Wow, you're having some reading comprehension issues today. Harsh, yeah, but you NOT reading what wrote and then acting like you are some supreme being isn't really so sweet either. (hmm..., that's the edited version, FYI)

I have an attachment disorder, I'm not choosing to not be attached to my dog it's a biologic incapability.

I am disabled, my dog is a service dog. There are no medical devices that can do what my dog does, there is no substitute. Even with my spare-no-expense attitude towards him, my dog is a heck of a lot cheaper than additional medication, losing my job, my house, and being hospitalized. My dog's current replacement value is about $10K and his actual financial value is about $1,100 per month as far as how much I can work and how much I'm not spending on medication. 

His is valued, respected, appreciated, but because of my health issues, loving him is not a possibility.

Troll, no. *Highly offended with your completely innappropriate personal insult of my disability*, yes. My emotional capability has nothing to do with the care my dog receives. How many people say they love their dog and then abuse it? Millions. So why have a hissy fit over me openly stating my limitations while my dog has everything he could ever need or want?


----------



## zyrcona (Jan 9, 2011)

You did not explicitly state the nature of your disability, so I fail to see how when I was not aware of this I can make insults out of information I don't have. I assumed remarks you had made about attachment disorders and mental illness were attacks on other people who formed close bonds with their dogs. Nevertheless, I find the phrasing of your posts on this topic to be rather incendiary, and, yes, trollish. I would expect this kind of approach from someone who wanted to goad others into replying in such a way so that the initiator could claim offence.


----------



## murphys (Mar 1, 2012)

Oh for Pete's sakes. People. Discussing mental illness in this chain is inappropriate and needs to be taken offline. If you have an issue with someone's comments to the extent aired in this chain, take it to Private Messages. Have some discernment and compassion for the OP who asked for HELP. She also requested if you couldn't give advice, to keep your comments to yourselves. 

I am watching this thread to find out about the puppies. I would appreciate it if you want to discuss these other items, either take it off line or start a different chain. 

I don't post very often and frankly this chain reflects why.

Thank you.


----------



## plumcrazy (Sep 11, 2009)

*Off-topic posts from Newborn Help thread*

This thread contains posts "culled" from a different thread that went sadly off topic. There are some interesting and differing points of view - and some thought that went into members' comments, so instead of deleting everything - those comments have been moved here. 

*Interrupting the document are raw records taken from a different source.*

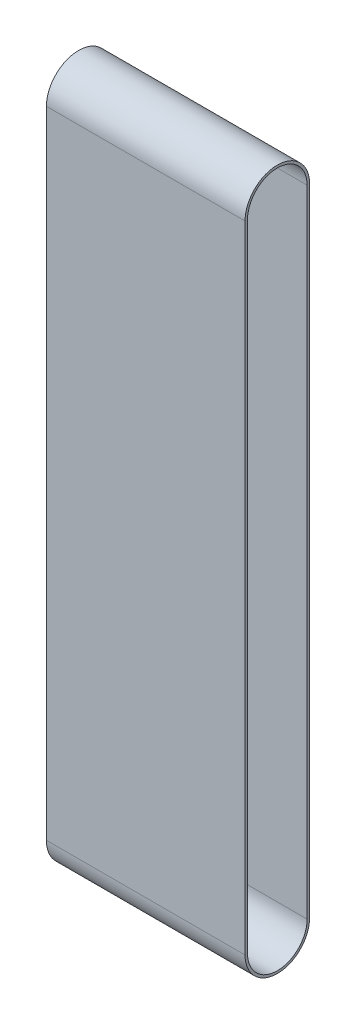
from build123d import *

# Parameters (mm, degrees)
BOSS_EXTRUDE1_DEPTH = 254


with BuildPart() as part:
    # Sketch1 → Boss-Extrude1 (new, symmetric)
    with BuildSketch(Plane(origin=(0, 0, 0), x_dir=(0, 0, -1), z_dir=(1, 0, 0))):
        with BuildLine():
            Line((247.65, 254), (247.65, 1879.6))
            ThreePointArc((247.65, 1879.6), (330.2, 1962.15), (412.75, 1879.6))
            Line((412.75, 1879.6), (412.75, 254))
            ThreePointArc((412.75, 254), (330.2, 171.45), (247.65, 254))
        make_face()
        with BuildLine():
            Line((406.4, 1879.6), (406.4, 254))
            ThreePointArc((406.4, 254), (330.2, 177.8), (254, 254))
            Line((254, 254), (254, 1879.6))
            ThreePointArc((254, 1879.6), (330.2, 1955.8), (406.4, 1879.6))
        make_face(mode=Mode.SUBTRACT)
    extrude(amount=BOSS_EXTRUDE1_DEPTH, both=True)


solid = part.part
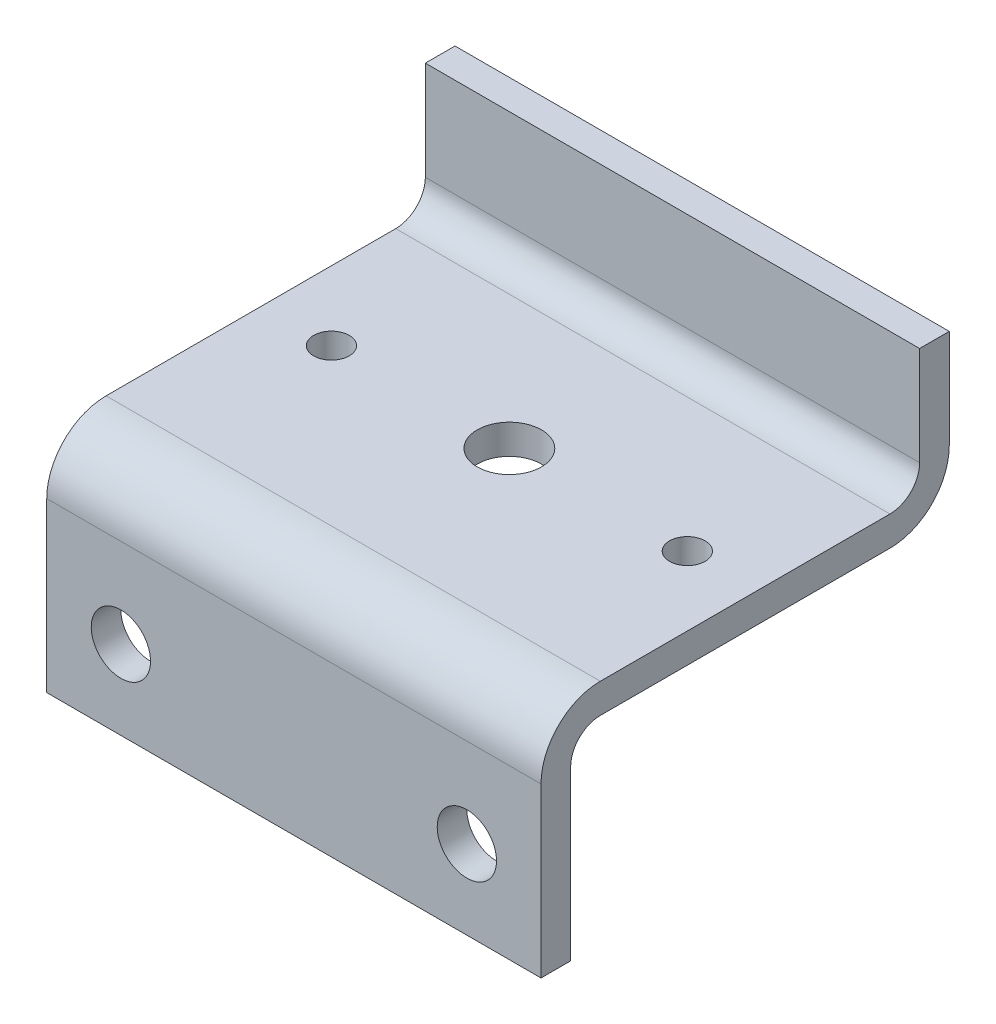
from build123d import *

# Parameters (mm, degrees)
BOSS_EXTRUDE1_DEPTH = 25
CUT_EXTRUDE1_REACH  = 55.476
SKETCH2_R           = 3.25
SKETCH2_R_2         = 1.8
CUT_EXTRUDE2_REACH  = 60.206
SKETCH3_R           = 3


with BuildPart() as part:
    # Sketch1 → Boss-Extrude1 (new, symmetric)
    with BuildSketch(Plane(origin=(0, 0, 0), x_dir=(0, 0, -1), z_dir=(1, 0, 0))):
        with BuildLine():
            Line((0, 0), (0, 17))
            ThreePointArc((0, 17), (1.757359313, 21.242640687), (6, 23))
            Line((6, 23), (35.3, 23))
            ThreePointArc((35.3, 23), (37.421320344, 23.878679656), (38.3, 26))
            Line((38.3, 26), (38.3, 36))
            Line((38.3, 36), (41.3, 36))
            Line((41.3, 36), (41.3, 26))
            ThreePointArc((41.3, 26), (39.542640687, 21.757359313), (35.3, 20))
            Line((35.3, 20), (6, 20))
            ThreePointArc((6, 20), (3.878679656, 19.121320344), (3, 17))
            Line((3, 17), (3, 0))
            Line((3, 0), (0, 0))
        make_face()
    extrude(amount=BOSS_EXTRUDE1_DEPTH, both=True)

    # Sketch2 → Cut-Extrude1 (cut, up to next)
    with BuildSketch(Plane(origin=(0, 23, 0), x_dir=(1, 0, 0), z_dir=(0, 1, 0)), mode=Mode.PRIVATE) as cut_extrude1_sk1:
        with Locations(Location((0, 21.8, 0), (0, 0, 270))):
            Circle(SKETCH2_R)
    cut_extrude1_tool1 = extrude(cut_extrude1_sk1.sketch, amount=-CUT_EXTRUDE1_REACH, mode=Mode.PRIVATE) & part.part
    # Sketch2 → Cut-Extrude1 (cut, up to next)
    with BuildSketch(Plane(origin=(0, 23, 0), x_dir=(1, 0, 0), z_dir=(0, 1, 0)), mode=Mode.PRIVATE) as cut_extrude1_sk2:
        with Locations(Location((-18, 21.8, 0), (0, 0, 270))):
            Circle(SKETCH2_R_2)
    cut_extrude1_tool2 = extrude(cut_extrude1_sk2.sketch, amount=-CUT_EXTRUDE1_REACH, mode=Mode.PRIVATE) & part.part
    # Sketch2 → Cut-Extrude1 (cut, up to next)
    with BuildSketch(Plane(origin=(0, 23, 0), x_dir=(1, 0, 0), z_dir=(0, 1, 0)), mode=Mode.PRIVATE) as cut_extrude1_sk3:
        with Locations(Location((18, 21.8, 0), (0, 0, 270))):
            Circle(SKETCH2_R_2)
    cut_extrude1_tool3 = extrude(cut_extrude1_sk3.sketch, amount=-CUT_EXTRUDE1_REACH, mode=Mode.PRIVATE) & part.part
    add(cut_extrude1_tool1.solids().sort_by_distance((0, 23, -21.8))[0], mode=Mode.SUBTRACT)
    add(cut_extrude1_tool2.solids().sort_by_distance((-18, 23, -21.8))[0], mode=Mode.SUBTRACT)
    add(cut_extrude1_tool3.solids().sort_by_distance((18, 23, -21.8))[0], mode=Mode.SUBTRACT)

    # Sketch3 → Cut-Extrude2 (cut, up to next)
    with BuildSketch(Plane(origin=(0, 0, -3), x_dir=(-1, 0, 0), z_dir=(0, 0, -1)), mode=Mode.PRIVATE) as cut_extrude2_sk1:
        with Locations(Location((-17.5, 8, 0), (0, 0, 90))):
            Circle(SKETCH3_R)
    cut_extrude2_tool1 = extrude(cut_extrude2_sk1.sketch, amount=-CUT_EXTRUDE2_REACH, mode=Mode.PRIVATE) & part.part
    # Sketch3 → Cut-Extrude2 (cut, up to next)
    with BuildSketch(Plane(origin=(0, 0, -3), x_dir=(-1, 0, 0), z_dir=(0, 0, -1)), mode=Mode.PRIVATE) as cut_extrude2_sk2:
        with Locations(Location((17.5, 8, 0), (0, 0, 90))):
            Circle(SKETCH3_R)
    cut_extrude2_tool2 = extrude(cut_extrude2_sk2.sketch, amount=-CUT_EXTRUDE2_REACH, mode=Mode.PRIVATE) & part.part
    add(cut_extrude2_tool1.solids().sort_by_distance((17.5, 8, -3))[0], mode=Mode.SUBTRACT)
    add(cut_extrude2_tool2.solids().sort_by_distance((-17.5, 8, -3))[0], mode=Mode.SUBTRACT)


solid = part.part

Please keep your comments cordial and respectful - or they WILL be deleted.

Barb


----------



## plumcrazy (Sep 11, 2009)

*attempt*

trying to merge content


----------



## faerie (Mar 27, 2010)

why this turtle hasn't been banned is beyond me.

misinformation, mean spirited comments, etc. don't get it. don't get it.


----------



## ArreauStandardPoodle (Sep 1, 2009)

faerie said:


> why this turtle hasn't been banned is beyond me.
> 
> misinformation, mean spirited comments, etc. don't get it. don't get it.


I could not agree more Faerie! This has gone on long enough!


----------



## Ladywolfe (Jan 11, 2012)

I often see what Dr. Phil refers to as a "right fighter". Not so often actually involved with the issues at hand, but making the point that they are totally and undeniably "right" about things. 

http://storage.cloversites.com/outpostreformedministries/documents/Right Fighting.pdf

When they try to have a teensie, tiny wee bit of humility; I often find value even in the postings of a "right fighter". We just all have to realize that we cannot be the end-all authority every single time on every single topic. And, I think most of us know this; as well as that what works for one of us, may not work for all of us or for every dog.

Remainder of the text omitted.